Headquartered in Nowshera, Khyber-Pakhtunkhwa in Pakistan, the corps is commanded by its director-general, Major-General Zafar Marwat as of 2023.[2]
Overview
The Pakistan Army's armored corps was commissioned as an administrative corps from the partition of the former British Indian Army's Armoured Corps– there were six regiments that formed the basis of the Armoured Corps.: 156 [5][6]
During the early years, the British Army officers played a crucial role in running the military operations from the Nowshera Cantonment which remains till this day Armoured Corps' headquarter.: 83 [7] Until 1956, the training and field manuals were based on British Army but later adopted U.S. Army's field manual and training, which is continue to be practiced by armoured corps' training school.[8] The School of Armor and Mechanized Warfare trains cadets and officers to be a part of the Armored Corps at the Nowshera Cantonment.[9] The Armored Corps is commanded by the director-general who is usually at two-star active duty rank, Major-General, working directly under the Chief of the General Staff at the Army GHQ in Rawalpindi.[8]
The Armoured Corps only has an administrative control over its combat strike brigades and such brigade teams are employed in numbers of strike maneuver corps to defend the national borders of Pakistan from the foreign threats.[10][11][12][13]
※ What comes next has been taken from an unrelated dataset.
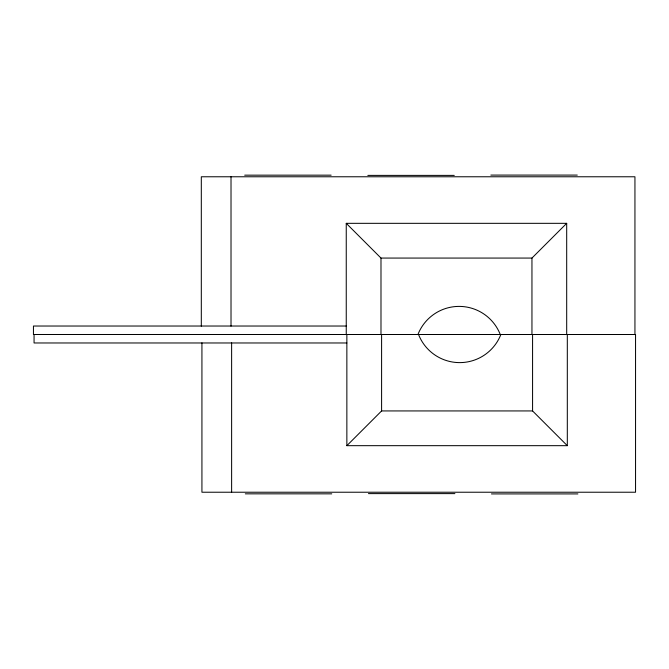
<?xml version="1.0" encoding="UTF-8"?>
<svg xmlns="http://www.w3.org/2000/svg" width="669" height="669" viewBox="0 0 669 669"><rect width="100%" height="100%" fill="white"/><g stroke="black" fill="none" stroke-linecap="round" stroke-linejoin="round"><path stroke-width="1" d="M346.249 334.492L346.249 223.329L380.987 258.067L531.955 258.067L566.693 223.329L566.693 334.492M346.86 334.508L346.86 445.671L381.598 410.933L532.574 410.933L567.312 445.671L567.312 334.508M490.845 175.086L577.272 175.086M244.703 175.161L331.13 175.161M367.833 175.387L454.259 175.387M346.249 223.329L566.693 223.329M346.249 326.029L33.45 326.029L33.45 334.492L635.55 334.508L635.55 492.225L201.929 492.225L201.929 342.854M346.86 342.971L34.06 342.971L34.06 334.508M346.86 445.671L567.312 445.671M368.452 493.613L454.878 493.613M245.314 493.839L331.749 493.839M491.456 493.914L577.891 493.914M634.94 334.492L634.94 176.775L201.31 176.775L201.31 326.146M532.574 334.508L532.574 410.933M531.955 258.067L531.955 334.492M381.598 334.508L381.598 410.933M380.987 258.067L380.987 334.492M231.625 342.863L231.625 492.225M231.014 176.775L231.014 326.138M500.864 334.508A44.187 44.187 0 0 1 418.551 334.508M417.941 334.492A44.187 44.187 0 0 1 500.245 334.492"/></g></svg>

Until 2001, the armoured corps was focused towards opposing Indian advances in the east but later stationed its interests in western border to prevent foreign threats coming from Afghanistan.[14]
^The President's Body Guard was formed at independence from the Governor General's Bodyguard, which was raised in 1773 under the name of Governor's Troop of Mughals at that time. In 1956 its name was changed to President's Bodyguard from when Pakistan became a republic. It is the senior-most armoured regiment of Pakistan Army.
^25th Cavalry (Frontier Force) stopped the Indian Army armoured thrust during the Battle of Chawinda in 1965. The regiment was given the sobriquet " Men of Steel" by the then Army Chief of Staff.